1. “The Story of an Hour”
a.) -There stood, facing the open window, a comfortable, roomy armchair. Into this she sank, pressed down by a physical exhaustion that haunted her body and seemed to reach into her soul.
-She could see in the open square before her house the tops of trees that were all aquiver with the new spring life.
-In the street below a peddler was crying his wares.
-There were patches of blue sky showing here and there through the clouds that had met and piled one above the other in the west facing her window.
-She was young, with a fair, calm face, whose lines bespoke repression and even a certain strength.
b.) The social issue is how women are treated in marriages. In the story the main character is happy of the news of her husband dying. I think that this story describes how women who are in relationships with controlling relationships feel.
Here’s some direct evidence:
“There would be no one to live for during those coming years; she would live for herself. There would be no powerful will bending hers in that blind persistence with which men and women believe they have a right to impose a private will upon a fellow-creature.”

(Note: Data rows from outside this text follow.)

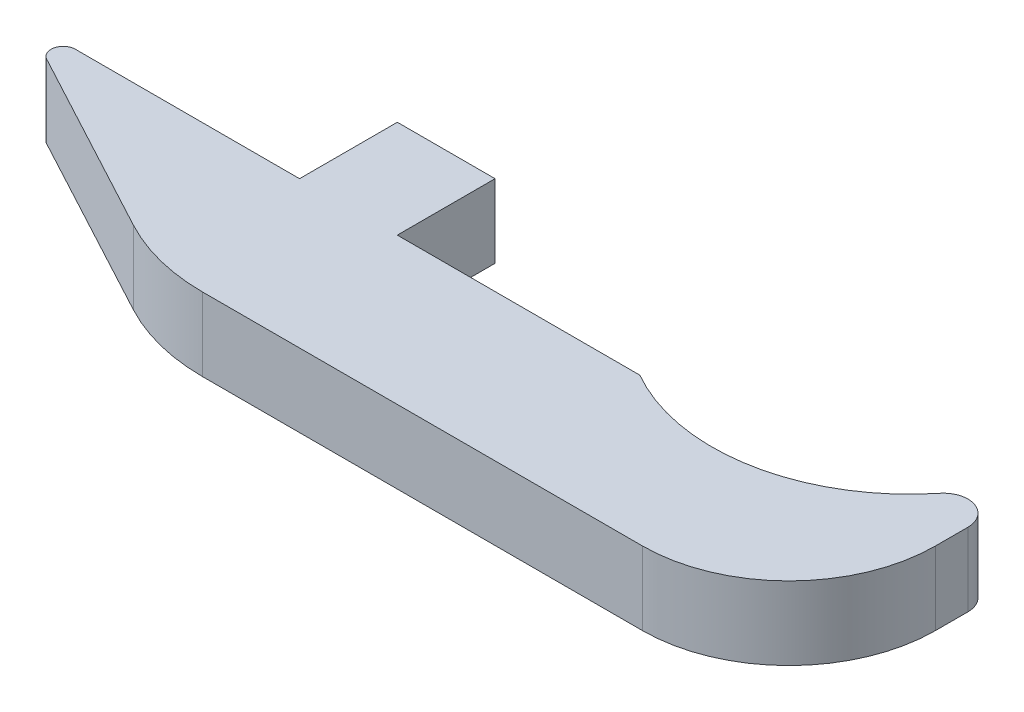
SolidWorks part; units mm, degrees
material "AISI 4130 Steel, annealed at 865C"
ref_plane "X-Y Datum" through (0, 0, 0) normal (0, 0, 1) x (1, 0, 0)
ref_plane "X-Z Datum" through (0, 0, 0) normal (0, 1, 0) x (1, 0, 0)
ref_plane "Y-Z Datum" through (0, 0, 0) normal (1, 0, 0) x (0, 0, -1)
sketch "Sketch1" plane through (0, 0, 0) normal (0, 1, 0) x (1, 0, 0)
  line L0 (20.8895, 0) -> (0, 0) construction
  line L1 (49.3776, 0) -> (0, 0)
  line L2 (49.3776, 0) -> (49.3776, 11.1252)
  line L3 (20.9296, -9.525) -> (62.2046, -9.525)
  line L4 (62.2046, 11.1252) -> (62.2046, -9.525)
  line L5 (3.175, 0) -> (20.9296, -9.525)
  circle A0 centre (49.3776, 11.1252) radius 12.827
  dimension "D3" = 25.654
  dimension "D5" = 9.525
  dimension "D1" = 49.3776
  dimension "D2" = 11.1252
  dimension "D4" = 3.175
  dimension "D6" = 41.275
extrude "Boss-Extrude1" add sketch "Sketch1" along normal blind 4.7625 contours L1 A0 region at (37.4995, 0, 4.291)
fillet "Fillet1" radius 9.525 1 edges at (62.2046, 2.3813, 9.525)
fillet "Fillet2" radius 1.5875 1 edges at (62.2046, 2.3813, -11.1252)
fillet "Fillet4" radius 12.7 1 edges at (20.9296, 2.3813, 9.525)
sketch "Sketch2" plane through (0, 0, 0) normal (0, -1, 0) x (1, 0, 0)
  line L1 (27.2395, -6.35) -> (27.2395, 0)
  line L2 (-7.0505, -6.35) -> (25.8501, -6.35) construction
  line L3 (27.2395, 0) -> (20.8895, 0)
  line L4 (27.2395, 0) -> (27.2395, -6.35)
  line L5 (27.2395, -6.35) -> (20.8895, -6.35)
  line L6 (20.8895, 0) -> (20.8895, -6.35)
  line L7 (33.5895, 0) -> (33.5895, -6.35) construction
  line M6 (3.175, 0) -> (42.9931, 0)
  dimension "D1" = 6.35
  dimension "D2" = 6.35
extrude "Boss-Extrude2" add sketch "Sketch2" against normal blind 4.7625 contours L6 L5 L1 M6 region at (24.0645, 0, -3.175)
fillet "Fillet5" radius 0.7937 1 edges at (3.175, 2.3813, 0)

2. “The battle with Mr. Covey”
a.) -On one of the hottest days of the month of August, 1833, Bill Smith, William Hughes, a slave named Eli, and myself were engaged in fanning wheat....The work was simple, requiring strength rather than intellect; yet, to one entirely unused to such work, it came very hard. About three o'clock of that day, I broke down; my strength failed me; I was seized with a violent aching of the head, attended with extreme dizziness; I trembled in every limb....
-He then gave me a savage kick in the side, and told me to get up. I tried to do so, but fell back in the attempt. He gave me another kick, and again told me to rise. I again tried, and succeeded in gaining my feet: but, stopping to get the tub with which I was feeding the fan, I again staggered and fell. While down in this situation, Mr. Covey took up the hickory slat with which Hughes had been striking off the half- bushel measure, and with it gave me a heavy blow upon the head, making a large wound, and the blood ran freely; and with this, again told me to get up.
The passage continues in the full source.